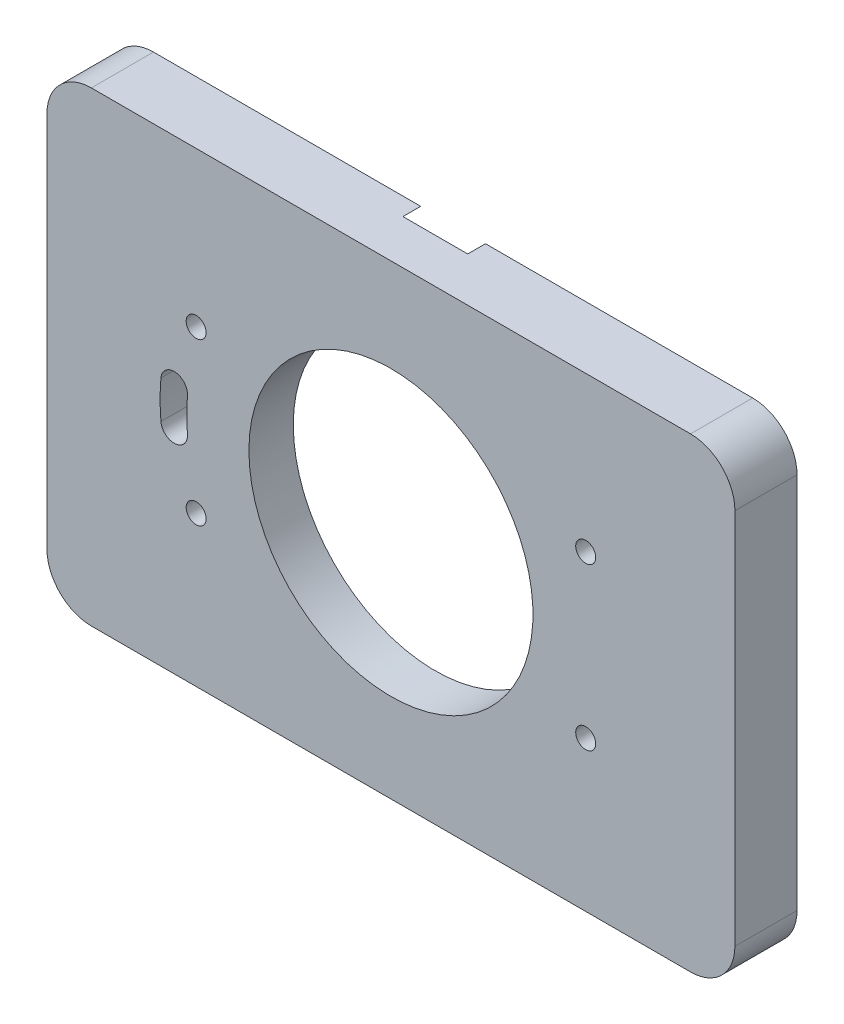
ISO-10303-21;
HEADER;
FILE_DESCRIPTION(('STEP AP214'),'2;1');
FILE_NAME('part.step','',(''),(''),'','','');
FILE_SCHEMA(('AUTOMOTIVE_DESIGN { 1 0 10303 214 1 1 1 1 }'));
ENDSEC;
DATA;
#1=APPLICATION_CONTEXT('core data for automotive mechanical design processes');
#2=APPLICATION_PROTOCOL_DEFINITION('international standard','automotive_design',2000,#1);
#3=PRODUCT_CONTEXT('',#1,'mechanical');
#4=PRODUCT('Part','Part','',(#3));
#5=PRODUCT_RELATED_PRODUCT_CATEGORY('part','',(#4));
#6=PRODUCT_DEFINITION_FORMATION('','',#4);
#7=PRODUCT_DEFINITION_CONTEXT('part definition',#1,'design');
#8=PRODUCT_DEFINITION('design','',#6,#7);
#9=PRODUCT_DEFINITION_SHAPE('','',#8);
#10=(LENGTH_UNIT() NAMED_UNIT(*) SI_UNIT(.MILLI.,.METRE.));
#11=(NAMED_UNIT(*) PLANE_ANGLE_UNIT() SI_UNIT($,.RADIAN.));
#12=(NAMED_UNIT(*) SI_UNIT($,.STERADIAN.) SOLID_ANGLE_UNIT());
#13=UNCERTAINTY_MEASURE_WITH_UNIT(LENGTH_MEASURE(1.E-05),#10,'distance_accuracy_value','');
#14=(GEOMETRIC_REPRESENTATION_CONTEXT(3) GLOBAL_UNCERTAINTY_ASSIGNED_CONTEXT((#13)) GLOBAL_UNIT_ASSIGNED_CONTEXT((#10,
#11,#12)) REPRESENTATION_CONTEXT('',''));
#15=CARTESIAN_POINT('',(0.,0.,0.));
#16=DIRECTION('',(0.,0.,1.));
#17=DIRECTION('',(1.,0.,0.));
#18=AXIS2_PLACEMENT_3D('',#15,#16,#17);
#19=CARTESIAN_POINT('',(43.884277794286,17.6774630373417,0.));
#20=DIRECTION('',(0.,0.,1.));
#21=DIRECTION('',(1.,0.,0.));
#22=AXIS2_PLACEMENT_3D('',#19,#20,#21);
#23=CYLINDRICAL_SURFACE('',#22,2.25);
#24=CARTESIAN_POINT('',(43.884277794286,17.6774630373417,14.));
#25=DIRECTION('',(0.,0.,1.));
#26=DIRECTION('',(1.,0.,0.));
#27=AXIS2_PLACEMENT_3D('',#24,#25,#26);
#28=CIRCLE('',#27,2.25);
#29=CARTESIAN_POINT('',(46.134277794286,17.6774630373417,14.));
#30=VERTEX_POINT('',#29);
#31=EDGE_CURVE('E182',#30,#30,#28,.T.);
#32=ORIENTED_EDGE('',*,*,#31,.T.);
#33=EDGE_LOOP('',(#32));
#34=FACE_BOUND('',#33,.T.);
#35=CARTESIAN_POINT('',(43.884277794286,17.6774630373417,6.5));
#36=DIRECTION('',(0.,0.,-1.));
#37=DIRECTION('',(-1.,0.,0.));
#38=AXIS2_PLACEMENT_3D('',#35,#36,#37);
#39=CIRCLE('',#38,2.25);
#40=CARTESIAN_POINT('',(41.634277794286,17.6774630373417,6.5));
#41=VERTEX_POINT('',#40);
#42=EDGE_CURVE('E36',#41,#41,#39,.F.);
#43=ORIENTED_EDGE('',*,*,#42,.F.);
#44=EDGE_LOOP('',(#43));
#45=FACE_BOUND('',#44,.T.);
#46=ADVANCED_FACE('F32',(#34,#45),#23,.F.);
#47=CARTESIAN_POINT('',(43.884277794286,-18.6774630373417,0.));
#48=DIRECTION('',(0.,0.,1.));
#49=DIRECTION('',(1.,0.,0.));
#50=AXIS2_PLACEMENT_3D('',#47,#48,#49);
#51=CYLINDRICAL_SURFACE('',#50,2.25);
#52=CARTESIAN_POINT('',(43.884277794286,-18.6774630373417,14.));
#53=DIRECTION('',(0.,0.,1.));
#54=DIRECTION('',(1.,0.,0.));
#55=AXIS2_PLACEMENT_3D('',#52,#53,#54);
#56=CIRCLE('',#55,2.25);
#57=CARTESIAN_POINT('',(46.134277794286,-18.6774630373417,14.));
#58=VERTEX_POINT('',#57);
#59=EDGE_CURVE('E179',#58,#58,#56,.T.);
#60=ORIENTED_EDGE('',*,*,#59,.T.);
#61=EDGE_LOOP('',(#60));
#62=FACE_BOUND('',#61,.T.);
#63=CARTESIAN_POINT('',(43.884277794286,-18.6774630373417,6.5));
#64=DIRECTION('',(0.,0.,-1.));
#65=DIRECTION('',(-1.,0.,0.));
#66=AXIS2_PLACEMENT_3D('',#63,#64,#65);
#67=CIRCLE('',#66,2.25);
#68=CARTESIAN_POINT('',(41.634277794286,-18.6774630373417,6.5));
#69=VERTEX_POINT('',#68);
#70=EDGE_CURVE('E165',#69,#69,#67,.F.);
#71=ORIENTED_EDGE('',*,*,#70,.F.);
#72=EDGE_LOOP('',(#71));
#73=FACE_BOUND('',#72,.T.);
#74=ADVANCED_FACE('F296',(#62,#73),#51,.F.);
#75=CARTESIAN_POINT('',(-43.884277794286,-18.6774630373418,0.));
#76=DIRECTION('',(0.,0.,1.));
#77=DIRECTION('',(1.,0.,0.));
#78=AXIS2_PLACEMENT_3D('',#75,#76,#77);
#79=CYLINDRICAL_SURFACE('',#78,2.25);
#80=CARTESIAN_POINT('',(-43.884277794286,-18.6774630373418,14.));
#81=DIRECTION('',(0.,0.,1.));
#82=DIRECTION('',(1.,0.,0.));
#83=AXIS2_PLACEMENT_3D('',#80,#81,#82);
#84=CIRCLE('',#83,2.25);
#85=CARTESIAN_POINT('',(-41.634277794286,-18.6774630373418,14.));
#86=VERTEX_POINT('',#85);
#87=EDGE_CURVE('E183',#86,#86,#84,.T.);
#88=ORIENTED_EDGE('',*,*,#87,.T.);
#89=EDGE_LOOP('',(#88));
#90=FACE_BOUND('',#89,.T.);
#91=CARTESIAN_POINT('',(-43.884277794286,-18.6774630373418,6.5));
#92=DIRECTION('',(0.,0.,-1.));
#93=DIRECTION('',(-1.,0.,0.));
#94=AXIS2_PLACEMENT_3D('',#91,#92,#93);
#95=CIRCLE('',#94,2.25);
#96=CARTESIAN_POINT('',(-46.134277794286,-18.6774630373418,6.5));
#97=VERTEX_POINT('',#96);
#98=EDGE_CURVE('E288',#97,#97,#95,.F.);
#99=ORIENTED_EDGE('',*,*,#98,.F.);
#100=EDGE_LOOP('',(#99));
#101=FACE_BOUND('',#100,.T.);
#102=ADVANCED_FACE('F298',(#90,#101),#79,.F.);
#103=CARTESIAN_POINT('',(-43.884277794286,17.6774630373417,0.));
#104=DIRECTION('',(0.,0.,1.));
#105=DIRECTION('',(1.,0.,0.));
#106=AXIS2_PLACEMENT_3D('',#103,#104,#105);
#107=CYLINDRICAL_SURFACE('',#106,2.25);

**TASK ITEM**
Output all of the entries verbatim, leaving out any images.

**THE COMPLETED TASK**
ISO-10303-21;
HEADER;
FILE_DESCRIPTION(('STEP AP214'),'2;1');
FILE_NAME('part.step','',(''),(''),'','','');
FILE_SCHEMA(('AUTOMOTIVE_DESIGN { 1 0 10303 214 1 1 1 1 }'));
ENDSEC;
DATA;
#1=APPLICATION_CONTEXT('core data for automotive mechanical design processes');
#2=APPLICATION_PROTOCOL_DEFINITION('international standard','automotive_design',2000,#1);
#3=PRODUCT_CONTEXT('',#1,'mechanical');
#4=PRODUCT('Part','Part','',(#3));
#5=PRODUCT_RELATED_PRODUCT_CATEGORY('part','',(#4));
#6=PRODUCT_DEFINITION_FORMATION('','',#4);
#7=PRODUCT_DEFINITION_CONTEXT('part definition',#1,'design');
#8=PRODUCT_DEFINITION('design','',#6,#7);
#9=PRODUCT_DEFINITION_SHAPE('','',#8);
#10=(LENGTH_UNIT() NAMED_UNIT(*) SI_UNIT(.MILLI.,.METRE.));
#11=(NAMED_UNIT(*) PLANE_ANGLE_UNIT() SI_UNIT($,.RADIAN.));
#12=(NAMED_UNIT(*) SI_UNIT($,.STERADIAN.) SOLID_ANGLE_UNIT());
#13=UNCERTAINTY_MEASURE_WITH_UNIT(LENGTH_MEASURE(1.E-05),#10,'distance_accuracy_value','');
#14=(GEOMETRIC_REPRESENTATION_CONTEXT(3) GLOBAL_UNCERTAINTY_ASSIGNED_CONTEXT((#13)) GLOBAL_UNIT_ASSIGNED_CONTEXT((#10,
#11,#12)) REPRESENTATION_CONTEXT('',''));
#15=CARTESIAN_POINT('',(0.,0.,0.));
#16=DIRECTION('',(0.,0.,1.));
#17=DIRECTION('',(1.,0.,0.));
#18=AXIS2_PLACEMENT_3D('',#15,#16,#17);
#19=CARTESIAN_POINT('',(43.884277794286,17.6774630373417,0.));
#20=DIRECTION('',(0.,0.,1.));
#21=DIRECTION('',(1.,0.,0.));
#22=AXIS2_PLACEMENT_3D('',#19,#20,#21);
#23=CYLINDRICAL_SURFACE('',#22,2.25);
#24=CARTESIAN_POINT('',(43.884277794286,17.6774630373417,14.));
#25=DIRECTION('',(0.,0.,1.));
#26=DIRECTION('',(1.,0.,0.));
#27=AXIS2_PLACEMENT_3D('',#24,#25,#26);
#28=CIRCLE('',#27,2.25);
#29=CARTESIAN_POINT('',(46.134277794286,17.6774630373417,14.));
#30=VERTEX_POINT('',#29);
#31=EDGE_CURVE('E182',#30,#30,#28,.T.);
#32=ORIENTED_EDGE('',*,*,#31,.T.);
#33=EDGE_LOOP('',(#32));
#34=FACE_BOUND('',#33,.T.);
#35=CARTESIAN_POINT('',(43.884277794286,17.6774630373417,6.5));
#36=DIRECTION('',(0.,0.,-1.));
#37=DIRECTION('',(-1.,0.,0.));
#38=AXIS2_PLACEMENT_3D('',#35,#36,#37);
#39=CIRCLE('',#38,2.25);
#40=CARTESIAN_POINT('',(41.634277794286,17.6774630373417,6.5));
#41=VERTEX_POINT('',#40);
#42=EDGE_CURVE('E36',#41,#41,#39,.F.);
#43=ORIENTED_EDGE('',*,*,#42,.F.);
#44=EDGE_LOOP('',(#43));
#45=FACE_BOUND('',#44,.T.);
#46=ADVANCED_FACE('F32',(#34,#45),#23,.F.);
#47=CARTESIAN_POINT('',(43.884277794286,-18.6774630373417,0.));
#48=DIRECTION('',(0.,0.,1.));
#49=DIRECTION('',(1.,0.,0.));
#50=AXIS2_PLACEMENT_3D('',#47,#48,#49);
#51=CYLINDRICAL_SURFACE('',#50,2.25);
#52=CARTESIAN_POINT('',(43.884277794286,-18.6774630373417,14.));
#53=DIRECTION('',(0.,0.,1.));
#54=DIRECTION('',(1.,0.,0.));
#55=AXIS2_PLACEMENT_3D('',#52,#53,#54);
#56=CIRCLE('',#55,2.25);
#57=CARTESIAN_POINT('',(46.134277794286,-18.6774630373417,14.));
#58=VERTEX_POINT('',#57);
#59=EDGE_CURVE('E179',#58,#58,#56,.T.);
#60=ORIENTED_EDGE('',*,*,#59,.T.);
#61=EDGE_LOOP('',(#60));
#62=FACE_BOUND('',#61,.T.);
#63=CARTESIAN_POINT('',(43.884277794286,-18.6774630373417,6.5));
#64=DIRECTION('',(0.,0.,-1.));
#65=DIRECTION('',(-1.,0.,0.));
#66=AXIS2_PLACEMENT_3D('',#63,#64,#65);
#67=CIRCLE('',#66,2.25);
#68=CARTESIAN_POINT('',(41.634277794286,-18.6774630373417,6.5));
#69=VERTEX_POINT('',#68);
#70=EDGE_CURVE('E165',#69,#69,#67,.F.);
#71=ORIENTED_EDGE('',*,*,#70,.F.);
#72=EDGE_LOOP('',(#71));
#73=FACE_BOUND('',#72,.T.);
#74=ADVANCED_FACE('F296',(#62,#73),#51,.F.);
#75=CARTESIAN_POINT('',(-43.884277794286,-18.6774630373418,0.));
#76=DIRECTION('',(0.,0.,1.));
#77=DIRECTION('',(1.,0.,0.));
#78=AXIS2_PLACEMENT_3D('',#75,#76,#77);
#79=CYLINDRICAL_SURFACE('',#78,2.25);
#80=CARTESIAN_POINT('',(-43.884277794286,-18.6774630373418,14.));
#81=DIRECTION('',(0.,0.,1.));
#82=DIRECTION('',(1.,0.,0.));
#83=AXIS2_PLACEMENT_3D('',#80,#81,#82);
#84=CIRCLE('',#83,2.25);
#85=CARTESIAN_POINT('',(-41.634277794286,-18.6774630373418,14.));
#86=VERTEX_POINT('',#85);
#87=EDGE_CURVE('E183',#86,#86,#84,.T.);
#88=ORIENTED_EDGE('',*,*,#87,.T.);
#89=EDGE_LOOP('',(#88));
#90=FACE_BOUND('',#89,.T.);
#91=CARTESIAN_POINT('',(-43.884277794286,-18.6774630373418,6.5));
#92=DIRECTION('',(0.,0.,-1.));
#93=DIRECTION('',(-1.,0.,0.));
#94=AXIS2_PLACEMENT_3D('',#91,#92,#93);
#95=CIRCLE('',#94,2.25);
#96=CARTESIAN_POINT('',(-46.134277794286,-18.6774630373418,6.5));
#97=VERTEX_POINT('',#96);
#98=EDGE_CURVE('E288',#97,#97,#95,.F.);
#99=ORIENTED_EDGE('',*,*,#98,.F.);
#100=EDGE_LOOP('',(#99));
#101=FACE_BOUND('',#100,.T.);
#102=ADVANCED_FACE('F298',(#90,#101),#79,.F.);
#103=CARTESIAN_POINT('',(-43.884277794286,17.6774630373417,0.));
#104=DIRECTION('',(0.,0.,1.));
#105=DIRECTION('',(1.,0.,0.));
#106=AXIS2_PLACEMENT_3D('',#103,#104,#105);
#107=CYLINDRICAL_SURFACE('',#106,2.25);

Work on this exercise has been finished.